Task goal
Please transcribe the entries exactly and omit the images they contain.

*** Material provided ***

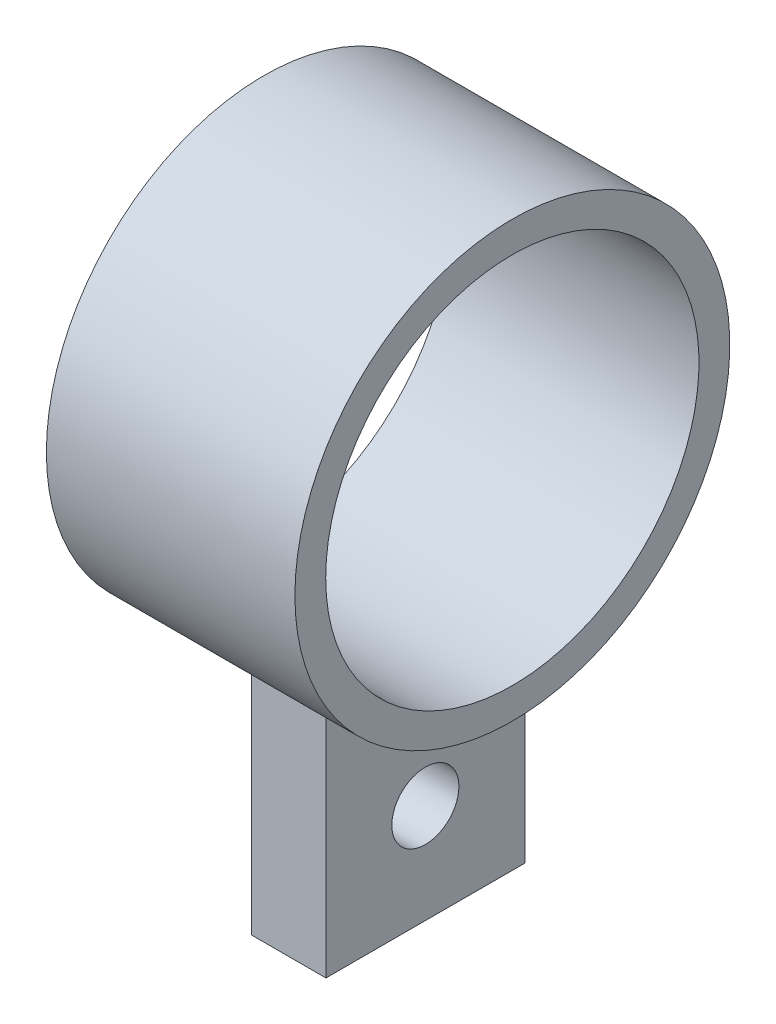
SolidWorks part; units mm, degrees
ref_plane "Front Plane" through (0, 0, 0) normal (0, 0, 1) x (1, 0, 0)
ref_plane "Top Plane" through (0, 0, 0) normal (0, 1, 0) x (1, 0, 0)
ref_plane "Right Plane" through (0, 0, 0) normal (1, 0, 0) x (0, 0, -1)
sketch "Collar Sketch" plane through (0, 0, 0) normal (0, 0, 1) x (1, 0, 0)
  line L0 (-3000, 0) -> (3000, 0) construction
  line L1 (232.6352, 15.02) -> (252.6352, 15.02)
  line L2 (252.6352, 15.02) -> (252.6352, 17.5)
  line L3 (252.6352, 17.5) -> (232.6352, 17.5)
  line L4 (232.6352, 17.5) -> (232.6352, 15.02)
revolve "Collar" add sketch "Collar Sketch" angle 360 about L0
ref_axis "Engine Axis" through (253.6352, 0, 0) along (-1, 0, 0)
sketch "Tab Sketch" plane through (0, 0, 0) normal (0, 0, 1) x (1, 0, 0)
  line L0 (239.6352, -34.8967) -> (245.6352, -34.8967)
  line L1 (245.6352, -34.8967) -> (245.6352, -8)
  line L2 (245.6352, -8) -> (239.6352, -8)
  line L3 (239.6352, -8) -> (239.6352, -34.8967)
extrude "Tab" add sketch "Tab Sketch" along normal mid plane 16
sketch "Tube Clearance Sketch" plane through (0, 0, 0) normal (0, 0, 1) x (1, 0, 0)
  line L0 (-3000, 0) -> (3000, 0) construction
  line L1 (238.6352, 0) -> (246.6352, 0)
  line L2 (246.6352, 0) -> (246.6352, 15.02)
  line L3 (246.6352, 15.02) -> (238.6352, 15.02)
  line L4 (238.6352, 15.02) -> (238.6352, 0)
revolve "Tube Clearance" cut sketch "Tube Clearance Sketch" angle 360 about L0
ref_plane "Hole Plane" through (239.6352, 0, 0) normal (1, 0, 0) x (0, 0, -1)
sketch "Pin Hole Sketch" plane through (239.6352, 0, 0) normal (1, 0, 0) x (0, 0, -1)
  circle A0 centre (0, -26.8967) radius 2.7
extrude "Pin Hole" cut sketch "Pin Hole Sketch" along normal blind 6

***

Answer section
SolidWorks part; units mm, degrees
ref_plane "Front Plane" through (0, 0, 0) normal (0, 0, 1) x (1, 0, 0)
ref_plane "Top Plane" through (0, 0, 0) normal (0, 1, 0) x (1, 0, 0)
ref_plane "Right Plane" through (0, 0, 0) normal (1, 0, 0) x (0, 0, -1)
sketch "Collar Sketch" plane through (0, 0, 0) normal (0, 0, 1) x (1, 0, 0)
  line L0 (-3000, 0) -> (3000, 0) construction
  line L1 (232.6352, 15.02) -> (252.6352, 15.02)
  line L2 (252.6352, 15.02) -> (252.6352, 17.5)
  line L3 (252.6352, 17.5) -> (232.6352, 17.5)
  line L4 (232.6352, 17.5) -> (232.6352, 15.02)
revolve "Collar" add sketch "Collar Sketch" angle 360 about L0
ref_axis "Engine Axis" through (253.6352, 0, 0) along (-1, 0, 0)
sketch "Tab Sketch" plane through (0, 0, 0) normal (0, 0, 1) x (1, 0, 0)
  line L0 (239.6352, -34.8967) -> (245.6352, -34.8967)
  line L1 (245.6352, -34.8967) -> (245.6352, -8)
  line L2 (245.6352, -8) -> (239.6352, -8)
  line L3 (239.6352, -8) -> (239.6352, -34.8967)
extrude "Tab" add sketch "Tab Sketch" along normal mid plane 16
sketch "Tube Clearance Sketch" plane through (0, 0, 0) normal (0, 0, 1) x (1, 0, 0)
  line L0 (-3000, 0) -> (3000, 0) construction
  line L1 (238.6352, 0) -> (246.6352, 0)
  line L2 (246.6352, 0) -> (246.6352, 15.02)
  line L3 (246.6352, 15.02) -> (238.6352, 15.02)
  line L4 (238.6352, 15.02) -> (238.6352, 0)
revolve "Tube Clearance" cut sketch "Tube Clearance Sketch" angle 360 about L0
ref_plane "Hole Plane" through (239.6352, 0, 0) normal (1, 0, 0) x (0, 0, -1)
sketch "Pin Hole Sketch" plane through (239.6352, 0, 0) normal (1, 0, 0) x (0, 0, -1)
  circle A0 centre (0, -26.8967) radius 2.7
extrude "Pin Hole" cut sketch "Pin Hole Sketch" along normal blind 6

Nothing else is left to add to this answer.